---------- Records shown
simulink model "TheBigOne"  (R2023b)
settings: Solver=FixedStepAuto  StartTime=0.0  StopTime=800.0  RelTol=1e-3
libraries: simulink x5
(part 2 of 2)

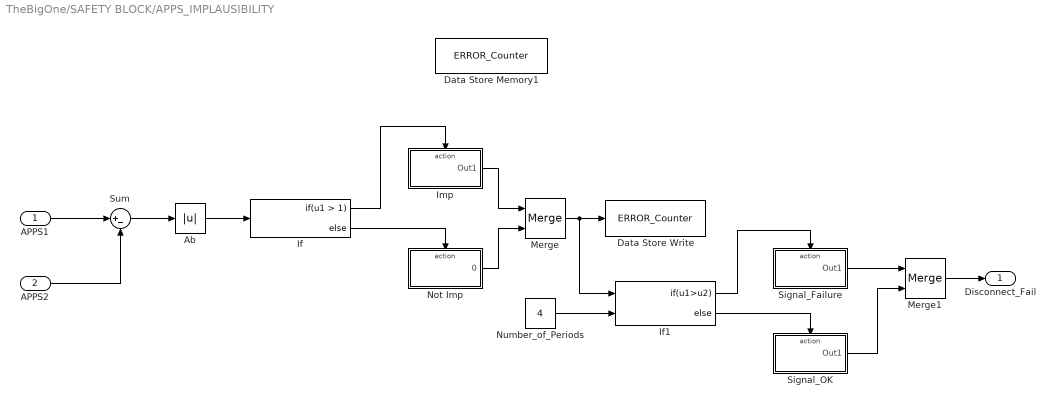
== system TheBigOne/SAFETY BLOCK/APPS_IMPLAUSIBILITY ==
  APPS1 : Inport
  APPS2 : Inport  Port=2
  Ab : Abs  SaturateOnIntegerOverflow=off
  Data Store Memory1 : DataStoreMemory  DataStoreName=ERROR_Counter  ReadBeforeWriteMsg=warning  WriteAfterWriteMsg=warning  WriteAfterReadMsg=warning  ShowAdditionalParam=off
  Data Store Write : DataStoreWrite  DataStoreName=ERROR_Counter  IndexOptions=Index vector (dialog)  Indices=1  OutputSizes=1
  If : If  IfExpression=u1 > 1
  If1 : If  NumInputs=2  IfExpression=u1>u2
  Imp : Subsystem  TreatAsAtomicUnit=on
  Merge : Merge
  Merge1 : Merge
  Not Imp : Subsystem  TreatAsAtomicUnit=on
  Number_of_Periods : Constant  Value=4
  Signal_Failure : Subsystem  TreatAsAtomicUnit=on
  Signal_OK : Subsystem  TreatAsAtomicUnit=on
  Sum : Sum  Inputs=|+-
  Disconnect_Fail : Outport  VectorParamsAs1DForOutWhenUnconnected=off
  wires:
  Number_of_Periods/1 -> If1/2
  Imp/1(Out1) -> Merge/1
  Signal_Failure/1(Out1) -> Merge1/1
  Signal_OK/1(Out1) -> Merge1/2
  Merge1/1 -> Disconnect_Fail/1
  APPS1/1 -> Sum/1
  If/1 -> Imp/Action
  If1/2 -> Signal_OK/Action
  Merge/1 -> Data Store Write/1, If1/1
  If1/1 -> Signal_Failure/Action
  APPS2/1 -> Sum/2
  Ab/1 -> If/1
  If/2 -> Not Imp/Action
  Sum/1 -> Ab/1
  Not Imp/1(0) -> Merge/2

== system TheBigOne/SKIDPAD/RIGIDAXLE ==
  note: TOTAL FAILURE: NO ELIPSE NO INVERTER SPEED
  Throttle_Torque [Nm] : Inport
  Action Port : ActionPort  ActionPortLabel=else
  "Rigid Axle 2024 " : MATLAB Function  TreatAsAtomicUnit=on
  RigidAxle : Constant  Value=4
  Tq_RR_SM4 [Nm] (0,27) : Outport  VectorParamsAs1DForOutWhenUnconnected=off
  Tq_RL_SM4 [Nm] (0,27) : Outport  Port=2  VectorParamsAs1DForOutWhenUnconnected=off
  sensorics_mode : Outport  Port=3
  wires:
  "Rigid Axle 2024 "/1(Motor_Torque_RR) -> Tq_RR_SM4 [Nm] (0,27)/1
  "Rigid Axle 2024 "/2(Motor_Torque_RL) -> Tq_RL_SM4 [Nm] (0,27)/1
  Throttle_Torque [Nm]/1 -> "Rigid Axle 2024 "/1(Throttle_Torque)
  RigidAxle/1 -> sensorics_mode/1

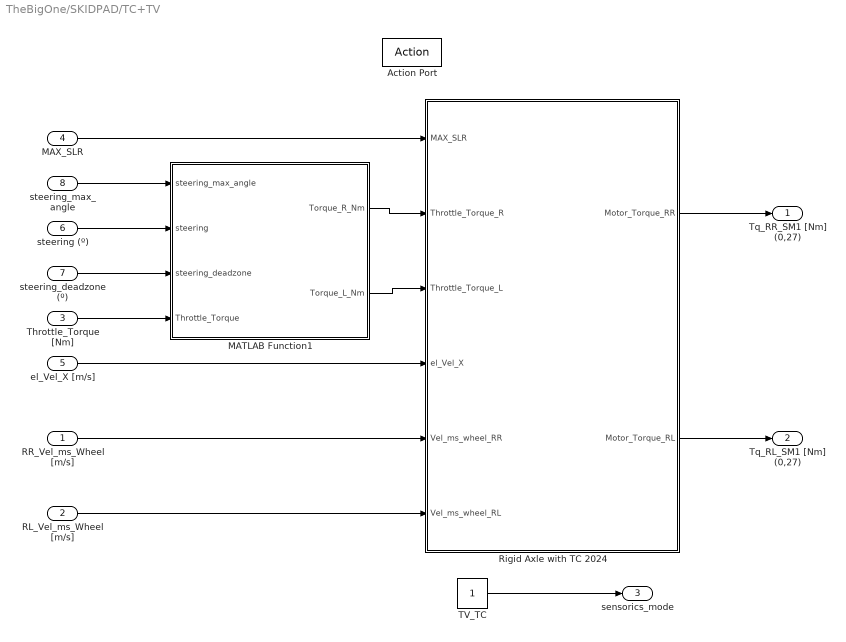
== system TheBigOne/SKIDPAD/TC+TV ==
  RR_Vel_ms_Wheel [m/s] : Inport
  RL_Vel_ms_Wheel [m/s] : Inport  Port=2
  Throttle_Torque [Nm] : Inport  Port=3
  MAX_SLR : Inport  Port=4
  el_Vel_X [m/s] : Inport  Port=5
  steering (º) : Inport  Port=6
  steering_deadzone (º) : Inport  Port=7
  steering_max_angle : Inport  Port=8
  Action Port : ActionPort  ActionPortLabel=if(u1 == 1)
  MATLAB Function1 : MATLAB Function  TreatAsAtomicUnit=on
  "Rigid Axle with TC 2024 " : MATLAB Function  TreatAsAtomicUnit=on
  TV_TC : Constant
  Tq_RR_SM1 [Nm] (0,27) : Outport  VectorParamsAs1DForOutWhenUnconnected=off
  Tq_RL_SM1 [Nm] (0,27) : Outport  Port=2  VectorParamsAs1DForOutWhenUnconnected=off
  sensorics_mode : Outport  Port=3
  wires:
  RR_Vel_ms_Wheel [m/s]/1 -> "Rigid Axle with TC 2024 "/5(Vel_ms_wheel_RR)
  "Rigid Axle with TC 2024 "/1(Motor_Torque_RR) -> Tq_RR_SM1 [Nm] (0,27)/1
  "Rigid Axle with TC 2024 "/2(Motor_Torque_RL) -> Tq_RL_SM1 [Nm] (0,27)/1
  RL_Vel_ms_Wheel [m/s]/1 -> "Rigid Axle with TC 2024 "/6(Vel_ms_wheel_RL)
  Throttle_Torque [Nm]/1 -> MATLAB Function1/4(Throttle_Torque)
  MATLAB Function1/1(Torque_R_Nm) -> "Rigid Axle with TC 2024 "/2(Throttle_Torque_R)
  MAX_SLR/1 -> "Rigid Axle with TC 2024 "/1(MAX_SLR)
  el_Vel_X [m/s]/1 -> "Rigid Axle with TC 2024 "/4(el_Vel_X)
  steering (º)/1 -> MATLAB Function1/2(steering)
  steering_deadzone (º)/1 -> MATLAB Function1/3(steering_deadzone)
  steering_max_angle/1 -> MATLAB Function1/1(steering_max_angle)
  MATLAB Function1/2(Torque_L_Nm) -> "Rigid Axle with TC 2024 "/3(Throttle_Torque_L)
  TV_TC/1 -> sensorics_mode/1

== system TheBigOne/SKIDPAD/TV with TC OFF  ==
  Throttle_Torque [Nm] : Inport
  steering_deadzone : Inport  Port=2
  steering : Inport  Port=3
  steering_max_angle : Inport  Port=4
  Action Port : ActionPort  ActionPortLabel=elseif(u1 <= 3)
  MATLAB Function : MATLAB Function  TreatAsAtomicUnit=on
  SteeringTV : Constant  Value=3
  Tq_RR_SM3 [Nm] (0,27) : Outport  VectorParamsAs1DForOutWhenUnconnected=off
  Tq_RL_SM3 [Nm] (0,27) : Outport  Port=2  VectorParamsAs1DForOutWhenUnconnected=off
  sensorics_mode : Outport  Port=3
  wires:
  Throttle_Torque [Nm]/1 -> MATLAB Function/4(Throttle_Torque)
  steering_deadzone/1 -> MATLAB Function/3(steering_deadzone)
  steering/1 -> MATLAB Function/2(steering)
  steering_max_angle/1 -> MATLAB Function/1(steering_max_angle)
  MATLAB Function/1(Torque_R_Nm) -> Tq_RR_SM3 [Nm] (0,27)/1
  MATLAB Function/2(Torque_L_Nm) -> Tq_RL_SM3 [Nm] (0,27)/1
  SteeringTV/1 -> sensorics_mode/1

== system TheBigOne/TEST_MODE_IN/BYPASS ==
  In1 : Inport
  In2 : Inport  Port=2
  In3 : Inport  Port=3
  In4 : Inport  Port=4
  Action Port : ActionPort  ActionPortLabel=else
  Out1 : Outport  VectorParamsAs1DForOutWhenUnconnected=off
  Out2 : Outport  Port=2  VectorParamsAs1DForOutWhenUnconnected=off
  Out3 : Outport  Port=3  VectorParamsAs1DForOutWhenUnconnected=off
  Out4 : Outport  Port=4  VectorParamsAs1DForOutWhenUnconnected=off
  wires:
  In1/1 -> Out1/1
  In2/1 -> Out2/1
  In3/1 -> Out3/1
  In4/1 -> Out4/1

== system TheBigOne/TEST_MODE_IN/TEST_CONSTANTS ==
  Action Port : ActionPort  ActionPortLabel=if(u1 == 1)
  Constant{,1..3} (4 alike) : Constant  Value=800
  Out1 : Outport  VectorParamsAs1DForOutWhenUnconnected=off
  Out2 : Outport  Port=2  VectorParamsAs1DForOutWhenUnconnected=off
  Out3 : Outport  Port=3  VectorParamsAs1DForOutWhenUnconnected=off
  Out4 : Outport  Port=4  VectorParamsAs1DForOutWhenUnconnected=off
  wires:
  Constant/1 -> Out1/1
  Constant1/1 -> Out2/1
  Constant2/1 -> Out3/1
  Constant3/1 -> Out4/1

== system TheBigOne/Accumulator Power/PowerLimitDetection/LimitReached ==
  Action Port : ActionPort  ActionPortLabel=if(u1 >= 80000)
  Constant : Constant
  "Out " : Outport  VectorParamsAs1DForOutWhenUnconnected=off
  wires:
  Constant/1 -> "Out "/1

== system TheBigOne/Accumulator Power/PowerLimitDetection/OK_OrLatch ==
  IN : Inport
  Action Port : ActionPort  ActionPortLabel=else
  If : If  IfExpression=(u1>0)
  Latched Error : Subsystem  TreatAsAtomicUnit=on
  Merge : Merge
  OK : Subsystem  TreatAsAtomicUnit=on
  Out 1 : Outport  VectorParamsAs1DForOutWhenUnconnected=off
  wires:
  IN/1 -> If/1
  If/1 -> Latched Error/Action
  If/2 -> OK/Action
  Latched Error/1("Out ") -> Merge/1
  OK/1("Out ") -> Merge/2
  Merge/1 -> Out 1/1

== system TheBigOne/ENDURANCE/Velocity cap/If Action Subsystem ==
  Tq_RR : Inport
  Tq_RL : Inport  Port=2
  Action Port : ActionPort  ActionPortLabel=if(u1 > 9)
  Gain : Gain  Gain=0.25
  Gain1 : Gain  Gain=0.25
  TQ_RR : Outport
  TQ_RL : Outport  Port=2
  wires:
  Tq_RL/1 -> Gain1/1
  Gain1/1 -> TQ_RL/1
  Tq_RR/1 -> Gain/1
  Gain/1 -> TQ_RR/1

== system TheBigOne/ENDURANCE/Velocity cap/If Action Subsystem1 ==
  Tq_RR : Inport
  Tq_RL : Inport  Port=2
  Action Port : ActionPort  ActionPortLabel=else
  TQ_RL : Outport
  TQ_RR : Outport  Port=2
  wires:
  Tq_RR/1 -> TQ_RR/1
  Tq_RL/1 -> TQ_RL/1

== system TheBigOne/SAFETY BLOCK/APPS_IMPLAUSIBILITY/Imp ==
  Action Port : ActionPort  ActionPortLabel=if(u1 > 1)
  Add : Sum
  Constant : Constant  OutDataTypeStr=boolean
  Data Store Read : DataStoreRead  DataStoreName=ERROR_Counter  IndexOptions=Index vector (dialog)  Indices=1  OutputSizes=1
  Out1 : Outport  VectorParamsAs1DForOutWhenUnconnected=off
  wires:
  Data Store Read/1 -> Add/1
  Constant/1 -> Add/2
  Add/1 -> Out1/1

== system TheBigOne/SAFETY BLOCK/APPS_IMPLAUSIBILITY/Not Imp ==
  Action Port : ActionPort  ActionPortLabel=else
  Constant : Constant  Value=0  OutDataTypeStr=double
  0 : Outport  VectorParamsAs1DForOutWhenUnconnected=off
  wires:
  Constant/1 -> 0/1  "Boolean"

== system TheBigOne/SAFETY BLOCK/APPS_IMPLAUSIBILITY/Signal_Failure ==
  Action Port : ActionPort  ActionPortLabel=if(u1>u2)
  Constant : Constant
  Out1 : Outport  VectorParamsAs1DForOutWhenUnconnected=off
  wires:
  Constant/1 -> Out1/1

== system TheBigOne/SAFETY BLOCK/APPS_IMPLAUSIBILITY/Signal_OK ==
  Action Port : ActionPort  ActionPortLabel=else
  Constant : Constant  Value=0
  Out1 : Outport  VectorParamsAs1DForOutWhenUnconnected=off
  wires:
  Constant/1 -> Out1/1

== system TheBigOne/Accumulator Power/PowerLimitDetection/OK_OrLatch/Latched Error ==
  Action Port : ActionPort  ActionPortLabel=if((u1>0))
  Constant : Constant
  "Out " : Outport  VectorParamsAs1DForOutWhenUnconnected=off
  wires:
  Constant/1 -> "Out "/1

== system TheBigOne/Accumulator Power/PowerLimitDetection/OK_OrLatch/OK ==
  Action Port : ActionPort  ActionPortLabel=else
  Constant : Constant  Value=0
  "Out " : Outport  VectorParamsAs1DForOutWhenUnconnected=off
  wires:
  Constant/1 -> "Out "/1

== matlab function TheBigOne/Brake_Light ==
  data: BP input; RM input; BL output; PS input; BL_threshold input
function BL = Brake_Light(BP, RM, PS, BL_threshold)
% PS = 0 -> braking
% PS = 1 -> lift
% PS = 2 -> accelerating
% BL_threshold -> BrakePedal percentage to activate BrakeLight
    if ((RM == 5 && PS == 0) || (BP > BL_threshold))
        BL = 1;
        return;
    else
        BL = 0;
        return;
    end
end

== matlab function TheBigOne/Safety ==
  data: Tq_R input; Tq_OK input; Tq_L input; Torque_R output; Torque_L output; W_mot_RR input; W_mot_RL input
function [Torque_R,Torque_L]  = Safety(Tq_R, Tq_OK, Tq_L, W_mot_RR, W_mot_RL)
    if Tq_OK == 1
        Torque_R = Tq_R;
        Torque_L = Tq_L;
        return;
    else
        Torque_R = 0;
        Torque_L = 0;
        return;
    end
end

== matlab function TheBigOne/ACCELERATION/RIGIDAXLE/Rigid Axle 2024  ==
  data: Throttle_Torque input; Motor_Torque_RR output; Motor_Torque_RL output
function [Motor_Torque_RR, Motor_Torque_RL] = RigidAxle_2024(Throttle_Torque)
    
    Motor_Torque_RR = Throttle_Torque;
    Motor_Torque_RL = Throttle_Torque;

end

== matlab function TheBigOne/ACCELERATION/RIGIDAXLE WITH TC/Rigid Axle with TC 2024  ==
  data: MAX_SLR input; Throttle_Torque input; Motor_Torque_RR output; Motor_Torque_RL output; el_Vel_X input; Max_Vel_ms_Wheel input
function [Motor_Torque_RR, Motor_Torque_RL] = RigidAxle_TC_2024(MAX_SLR, Throttle_Torque, el_Vel_X, Max_Vel_ms_Wheel)    
    persistent correction
    if isempty(correction)
        correction = 0;
    end
if (el_Vel_X < 0.5 || Max_Vel_ms_Wheel < 0.5)
    correction = 0;
    Motor_Torque_RR = Throttle_Torque;
    Motor_Torque_RL = Throttle_Torque;
    return;
else

% SLIP RATIO CALCULATIONS
    % calculate slip ratio
    if(el_Vel_X == 0 ||Max_Vel_ms_Wheel == 0)
        SLR = 1;
    else
    SLR = (Max_Vel_ms_Wheel / el_Vel_X);
    end
% CHECK FOR EXCESIVE SLIPPING
    % SLIP RATIO LESSER THAN MAXIMUM SLIP RATIO => apply max torque times throttle factor
        if(SLR < MAX_SLR)
            Motor_Torque_RR = Throttle_Torque; 
            Motor_Torque_RL = Throttle_Torque;
            correction = 0; %set correction to 0 as tyre is not slipping
            return;
        else
        % TYRE SLIPPING => TC INTERVENES
            % LOOK FOR THE PREVIOUS CORRECTION [Nm]
            if (correction == 0) % NOT SLIPPING PREVIOUSLY
                correction = 1; % [INTERVAL TO BE DETERMINED] set the correction to the torque we want to substract
                Motor_Torque_RR = Throttle_Torque - (1/33*correction^2+1/33*correction); % substract the correction from the torque to apply
                Motor_Torque_RL = Throttle_Torque - (1/33*correction^2+1/33*correction);
                return;
            else % TYRE SLIPPING PREVIOUSLY
                correction = correction + 1; % [INTERVAL TO BE DETERMINED] set the correction to the torque we want to substract + previous corrections
                Motor_Torque_RR = Throttle_Torque - (1/33*correction^2+1/33*correction); % substract the correction from the torque to apply
                Motor_Torque_RL = Throttle_Torque - (1/33*correction^2+1/33*correction);
                return;
            end
        end
end
end

== matlab function TheBigOne/ENDURANCE/RIGIDAXLE WITH TC/Rigid Axle with TC 2024  ==
  data: MAX_SLR input; Throttle_Torque input; Motor_Torque_RR output; Motor_Torque_RL output; el_Vel_X input; Max_Vel_ms_Wheel input
function [Motor_Torque_RR, Motor_Torque_RL] = RigidAxle_TC_2024(MAX_SLR, Throttle_Torque, el_Vel_X, Max_Vel_ms_Wheel)    
    persistent correction
    if isempty(correction)
        correction = 0;
    end
if (el_Vel_X < 0.5 || Max_Vel_ms_Wheel < 0.5)
    Motor_Torque_RR = Throttle_Torque;
    Motor_Torque_RL = Throttle_Torque;
    return;
else

% SLIP RATIO CALCULATIONS
    % calculate slip ratio
    if(el_Vel_X == 0 ||Max_Vel_ms_Wheel == 0)
        SLR = 1;
    else
    SLR = (Max_Vel_ms_Wheel / el_Vel_X);
    end
% CHECK FOR EXCESIVE SLIPPING
    % SLIP RATIO LESSER THAN MAXIMUM SLIP RATIO => apply max torque times throttle factor
        if(SLR < MAX_SLR)
            Motor_Torque_RR = Throttle_Torque; 
            Motor_Torque_RL = Throttle_Torque;
            correction = 0; %set correction to 0 as tyre is not slipping
            return;
        else
        % TYRE SLIPPING => TC INTERVENES
            % LOOK FOR THE PREVIOUS CORRECTION [Nm]
            if (correction == 0) % NOT SLIPPING PREVIOUSLY
                correction = 1; % [INTERVAL TO BE DETERMINED] set the correction to the torque we want to substract
                Motor_Torque_RR = Throttle_Torque - (1/33*correction^2+1/33*correction); % substract the correction from the torque to apply
                Motor_Torque_RL = Throttle_Torque - (1/33*correction^2+1/33*correction);
                return;
            else % TYRE SLIPPING PREVIOUSLY
                correction = correction + 1; % [INTERVAL TO BE DETERMINED] set the correction to the torque we want to substract + previous corrections
                Motor_Torque_RR = Throttle_Torque - (1/33*correction^2+1/33*correction); % substract the correction from the torque to apply
                Motor_Torque_RL = Throttle_Torque - (1/33*correction^2+1/33*correction);
                return;
            end
        end
end
end

== matlab function TheBigOne/ENDURANCE/TC+TV/TC 2024 ==
  data: MAX_SLR input; Throttle_Torque_R input; Throttle_Torque_L input; Motor_Torque_RR output; Motor_Torque_RL output; el_Vel_X input; Vel_ms_wheel_RR input; Vel_ms_wheel_RL input
function [Motor_Torque_RR, Motor_Torque_RL] = TC_2024(MAX_SLR,Throttle_Torque_R, Throttle_Torque_L, el_Vel_X, Vel_ms_wheel_RR, Vel_ms_wheel_RL)
    persistent correction
    if isempty(correction)
        correction = 0;
    end
if (el_Vel_X < 0.5 || Vel_ms_wheel_RR < 0.5 || Vel_ms_wheel_RL < 0.5)
    Motor_Torque_RR = Throttle_Torque_R;
    Motor_Torque_RL = Throttle_Torque_L;
    return;
else

% SLIP RATIO CALCULATIONS
    % calculate slip ratio
    if(el_Vel_X == 0 || Vel_ms_wheel_RR == 0)
        SLR_RR = 1;
    else
    SLR_RR = (Vel_ms_wheel_RR / el_Vel_X);
    end
    if(el_Vel_X == 0 || Vel_ms_wheel_RL == 0)
        SLR_RL = 1;
    else
    SLR_RL = (Vel_ms_wheel_RL / el_Vel_X);
    end


% SLIP RATIO CALCULATIONS
    % calculate slip ratio
    SLR = max(SLR_RR, SLR_RL);

% CHECK FOR EXCESIVE SLIPPING
    % SLIP RATIO LESSER THAN MAXIMUM SLIP RATIO => apply max torque times throttle factor
        if(SLR < MAX_SLR)
            Motor_Torque_RR = Throttle_Torque_R; 
            Motor_Torque_RL = Throttle_Torque_L;
            correction = 0; %set correction to 0 as tyre is not slipping
            return;
        else
        % TYRE SLIPPING => TC INTERVENES
            % LOOK FOR THE PREVIOUS CORRECTION [Nm]
            if (correction == 0) % NOT SLIPPING PREVIOUSLY
                correction = 1; % [INTERVAL TO BE DETERMINED] set the correction to the torque we want to substract
                Motor_Torque_RR = Throttle_Torque_R - (1/33*correction^2+1/33*correction); % substract the correction from the torque to apply
                Motor_Torque_RL = Throttle_Torque_L - (1/33*correction^2+1/33*correction);
                return;
            else % TYRE SLIPPING PREVIOUSLY
                correction = correction + 1; % [INTERVAL TO BE DETERMINED] set the correction to the torque we want to substract + previous corrections
                Motor_Torque_RR = Throttle_Torque_R - (1/33*correction^2+1/33*correction); % substract the correction from the torque to apply
                Motor_Torque_RL = Throttle_Torque_L - (1/33*correction^2+1/33*correction);
                return;
            end
        end
end
end

== matlab function TheBigOne/ACCELERATION/Torque demanded by the driver ==
  data: Throttle_Torque output; AP input; pedal_sat_down input; pedal_sat_up input; max_torque input
function Throttle_Torque  = TT(AP, pedal_sat_down, pedal_sat_up, max_torque)
    if AP <= pedal_sat_down %establish the lower deadzone for the throttle pedal
        Throttle_Response = 0;

    elseif AP >= pedal_sat_up %establish the higher deadzone for the throttle pedal
        Throttle_Response = 1;

    else
        Throttle_Response = ((AP - pedal_sat_down) / (pedal_sat_up - pedal_sat_down)); %evaluate for given input
    end
    Throttle_Torque = Throttle_Response * max_torque; % set torque to max output times pedal factor
end

== matlab function TheBigOne/InverterL_Temp_Limitation ==
  data: Current_in input; Aggressive_Factor input; Max_Temp input; Current_out output; Tolerance input; Inv_Temp input; Change_Factor input
function Current_out = Inv_Temp(Current_in, Aggressive_Factor, Max_Temp, Tolerance, Inv_Temp, Change_Factor)
%% Initializing internal variables
% If they have not been defined yet, initiate them

    % Last_Temp (ºC) -> Inv_Temp of the last iteration
    persistent Last_Temp
    if isempty(Last_Temp)
        Last_Temp = 0;
    end

    % Aggressive Factor Value (%) -> Factor of Current reduction. Changes
    % every iteration due to counters, but can be reset if the Inv_Temp is
    % acceptable
    persistent AF_Value
    if isempty(AF_Value)
        AF_Value = Aggressive_Factor;
    end

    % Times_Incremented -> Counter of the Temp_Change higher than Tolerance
--------------------
* Requirement
Copy the line containing "Tolerance, Inv_Temp, Change_Factor)" and every line after it, through the last line of the records. Include nothing else.

* Answer below
function Current_out = Inv_Temp(Current_in, Aggressive_Factor, Max_Temp, Tolerance, Inv_Temp, Change_Factor)
%% Initializing internal variables
% If they have not been defined yet, initiate them

    % Last_Temp (ºC) -> Inv_Temp of the last iteration
    persistent Last_Temp
    if isempty(Last_Temp)
        Last_Temp = 0;
    end

    % Aggressive Factor Value (%) -> Factor of Current reduction. Changes
    % every iteration due to counters, but can be reset if the Inv_Temp is
    % acceptable
    persistent AF_Value
    if isempty(AF_Value)
        AF_Value = Aggressive_Factor;
    end

    % Times_Incremented -> Counter of the Temp_Change higher than Tolerance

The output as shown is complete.